Anaesthetising a person for procedure has a number of key requirements and these as follows
(1) Achieving a state of reversible unconsciousness through the administration of drugs. This state ensures that the patient will have no recall of the procedure (amnesia) on waking
(2) Analgesia - this means the preventing the perception of pain
(3) Muscle relaxation - to facilitate the surgical access and to ensure there is no patient movement during delicate surgery
(4) Protecting the patient from harm as a patient has lost all their protective reflexes when asleep. This includes protecting the eyes and airway, preventing pressure on nerves and areas where the skin is delicate, keeping the patient warm and so on.
(5) Maintaining physiological normality - this includes keeping the heart, lungs, kidneys, liver and so forth functioning normally.
The drugs used to induce anaesthesia are extremely powerful and if administered incorrectly can cause serious harm or even death within minutes. The drugs have to be administered with precision and the anaesthetist has to know how to manage the side effects. The anaesthetics drugs are best used on combination with each other so as to achieve a balance between anaesthesia and analgesia with the least effect from any one drug.
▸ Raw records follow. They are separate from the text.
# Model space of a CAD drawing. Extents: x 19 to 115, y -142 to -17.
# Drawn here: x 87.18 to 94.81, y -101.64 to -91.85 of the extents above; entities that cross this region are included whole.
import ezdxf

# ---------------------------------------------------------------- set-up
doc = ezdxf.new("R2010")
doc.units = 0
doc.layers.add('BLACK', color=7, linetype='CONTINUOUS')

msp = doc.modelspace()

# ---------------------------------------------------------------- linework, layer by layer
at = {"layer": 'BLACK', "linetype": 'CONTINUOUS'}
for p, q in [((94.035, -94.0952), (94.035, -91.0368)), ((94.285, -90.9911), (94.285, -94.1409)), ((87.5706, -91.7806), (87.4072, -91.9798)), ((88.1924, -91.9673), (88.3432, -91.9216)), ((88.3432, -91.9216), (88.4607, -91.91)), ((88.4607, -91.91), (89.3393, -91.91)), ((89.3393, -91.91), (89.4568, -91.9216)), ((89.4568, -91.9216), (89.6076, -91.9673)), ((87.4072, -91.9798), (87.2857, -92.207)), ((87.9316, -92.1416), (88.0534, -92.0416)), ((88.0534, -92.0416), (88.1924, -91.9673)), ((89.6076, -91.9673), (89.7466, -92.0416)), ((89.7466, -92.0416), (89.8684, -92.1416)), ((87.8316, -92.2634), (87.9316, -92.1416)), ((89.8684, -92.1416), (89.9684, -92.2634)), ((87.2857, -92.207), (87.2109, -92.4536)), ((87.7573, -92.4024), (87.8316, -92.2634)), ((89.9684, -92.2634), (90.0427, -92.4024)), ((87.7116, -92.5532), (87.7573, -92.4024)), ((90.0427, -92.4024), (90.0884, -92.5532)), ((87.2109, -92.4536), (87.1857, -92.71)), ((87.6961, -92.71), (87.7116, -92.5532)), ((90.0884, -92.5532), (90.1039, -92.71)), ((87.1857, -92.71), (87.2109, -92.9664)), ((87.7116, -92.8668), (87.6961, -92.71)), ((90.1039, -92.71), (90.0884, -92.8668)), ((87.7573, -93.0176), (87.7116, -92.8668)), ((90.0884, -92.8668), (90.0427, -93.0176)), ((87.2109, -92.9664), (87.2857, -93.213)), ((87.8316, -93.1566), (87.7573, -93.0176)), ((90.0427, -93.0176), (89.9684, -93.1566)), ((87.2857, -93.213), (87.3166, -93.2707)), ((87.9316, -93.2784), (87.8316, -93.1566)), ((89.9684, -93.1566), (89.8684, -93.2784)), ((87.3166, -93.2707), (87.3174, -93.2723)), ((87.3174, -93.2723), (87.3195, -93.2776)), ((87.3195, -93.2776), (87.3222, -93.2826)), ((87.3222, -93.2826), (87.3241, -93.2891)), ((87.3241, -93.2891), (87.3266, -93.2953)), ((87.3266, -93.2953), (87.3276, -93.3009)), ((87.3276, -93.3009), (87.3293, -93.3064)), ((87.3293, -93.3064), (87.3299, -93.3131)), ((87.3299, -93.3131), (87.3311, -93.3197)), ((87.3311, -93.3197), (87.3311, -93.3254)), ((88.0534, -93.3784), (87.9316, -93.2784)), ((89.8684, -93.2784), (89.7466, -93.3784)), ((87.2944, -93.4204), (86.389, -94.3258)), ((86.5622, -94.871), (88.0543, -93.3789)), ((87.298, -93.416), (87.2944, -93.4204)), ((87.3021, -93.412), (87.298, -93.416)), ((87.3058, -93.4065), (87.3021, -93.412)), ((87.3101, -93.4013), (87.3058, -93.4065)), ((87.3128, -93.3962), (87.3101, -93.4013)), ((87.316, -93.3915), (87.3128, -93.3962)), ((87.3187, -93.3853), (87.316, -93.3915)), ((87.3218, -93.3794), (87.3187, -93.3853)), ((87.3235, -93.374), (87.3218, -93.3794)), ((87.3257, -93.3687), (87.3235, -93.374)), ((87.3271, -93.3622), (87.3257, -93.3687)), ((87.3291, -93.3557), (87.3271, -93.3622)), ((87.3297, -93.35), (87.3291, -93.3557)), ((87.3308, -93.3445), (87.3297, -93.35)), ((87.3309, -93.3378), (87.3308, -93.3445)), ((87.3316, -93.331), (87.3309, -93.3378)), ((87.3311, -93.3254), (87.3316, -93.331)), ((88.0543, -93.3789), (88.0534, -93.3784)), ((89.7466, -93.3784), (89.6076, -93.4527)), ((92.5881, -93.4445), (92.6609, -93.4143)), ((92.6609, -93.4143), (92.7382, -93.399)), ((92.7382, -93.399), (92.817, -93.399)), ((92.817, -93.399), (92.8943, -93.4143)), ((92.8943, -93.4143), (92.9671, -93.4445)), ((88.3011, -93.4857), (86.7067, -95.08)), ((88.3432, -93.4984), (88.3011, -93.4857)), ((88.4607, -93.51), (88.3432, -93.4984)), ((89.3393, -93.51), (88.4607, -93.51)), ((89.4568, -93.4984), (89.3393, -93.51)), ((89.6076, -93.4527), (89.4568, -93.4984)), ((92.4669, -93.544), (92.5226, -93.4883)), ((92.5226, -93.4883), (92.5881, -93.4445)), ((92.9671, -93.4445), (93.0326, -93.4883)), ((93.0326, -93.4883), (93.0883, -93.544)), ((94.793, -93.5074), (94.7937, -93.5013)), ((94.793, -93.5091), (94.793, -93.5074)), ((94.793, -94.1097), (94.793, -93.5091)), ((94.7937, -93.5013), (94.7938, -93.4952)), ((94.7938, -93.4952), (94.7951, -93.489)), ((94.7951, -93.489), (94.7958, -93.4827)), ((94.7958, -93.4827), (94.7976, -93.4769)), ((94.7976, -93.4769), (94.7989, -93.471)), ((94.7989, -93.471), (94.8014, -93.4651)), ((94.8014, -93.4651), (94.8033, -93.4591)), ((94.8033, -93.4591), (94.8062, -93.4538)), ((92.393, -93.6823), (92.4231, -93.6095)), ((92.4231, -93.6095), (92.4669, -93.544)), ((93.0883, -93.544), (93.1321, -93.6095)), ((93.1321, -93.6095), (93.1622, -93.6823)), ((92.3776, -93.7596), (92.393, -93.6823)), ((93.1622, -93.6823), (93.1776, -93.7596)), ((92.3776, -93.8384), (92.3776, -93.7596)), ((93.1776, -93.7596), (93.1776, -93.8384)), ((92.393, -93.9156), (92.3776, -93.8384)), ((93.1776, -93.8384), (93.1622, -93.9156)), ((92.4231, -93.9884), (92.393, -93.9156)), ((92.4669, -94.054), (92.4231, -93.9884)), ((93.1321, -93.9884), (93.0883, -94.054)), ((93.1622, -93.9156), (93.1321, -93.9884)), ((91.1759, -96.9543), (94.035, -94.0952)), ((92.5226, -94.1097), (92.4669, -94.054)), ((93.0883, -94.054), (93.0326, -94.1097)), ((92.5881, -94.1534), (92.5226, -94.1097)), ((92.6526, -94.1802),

Modern anaesthesia has an excellent safety record and this is due to the development of patient monitors. In the early days of anaesthesia, the anaesthetist would have to keep a finger on the pulse of the patient and watch their lips to see if they were turning blue from lack of oxygen. Although this made the anaesthetist keep a close eye on the patient it was very inadequate for monitoring - similar to driving a car at night while holding a torch out the window. Some of the monitors that have been developed include
(1) Electrocardiogram - measures the electrical activity in the heart
(2) Pulse Oximeter - measures the oxygen saturation of the arterial blood
(3) Capnograph - measures the carbon dioxide in the exhaled breath
(4) Blood pressure - this can be measures using a blood pressure cuff or by inserting a small cannula into an artery and transducing the pressure
(5) Temperature probes
(6) Gas analysers - measure the concentration of anaesthetic gases on the lungs
(7) BIS monitor - measures the electrical activity on the brain and this reflects the depth of the anaesthetic
There are numerous other monitors that can be used in specific circumstances where the surgery is more extensive or the patient has significant medical problems.
(C) Recovery
After the completion of an anaesthetic the patient is taken to either the recovery room (Post Anaesthesia Care Unit - PACU) or to the Intensive Care Unit (ICU) depending on their specific needs after surgery. In the recovery room patients are kept for a minimum of 30 minutes to ensure they have recovered fully from the anaesthetic. In this environment they are monitored and attended to by specially trained nursing staff who ensure that they are awake and their pain adequately controlled before being sent to the ward or the Day Surgery Unit (DSU).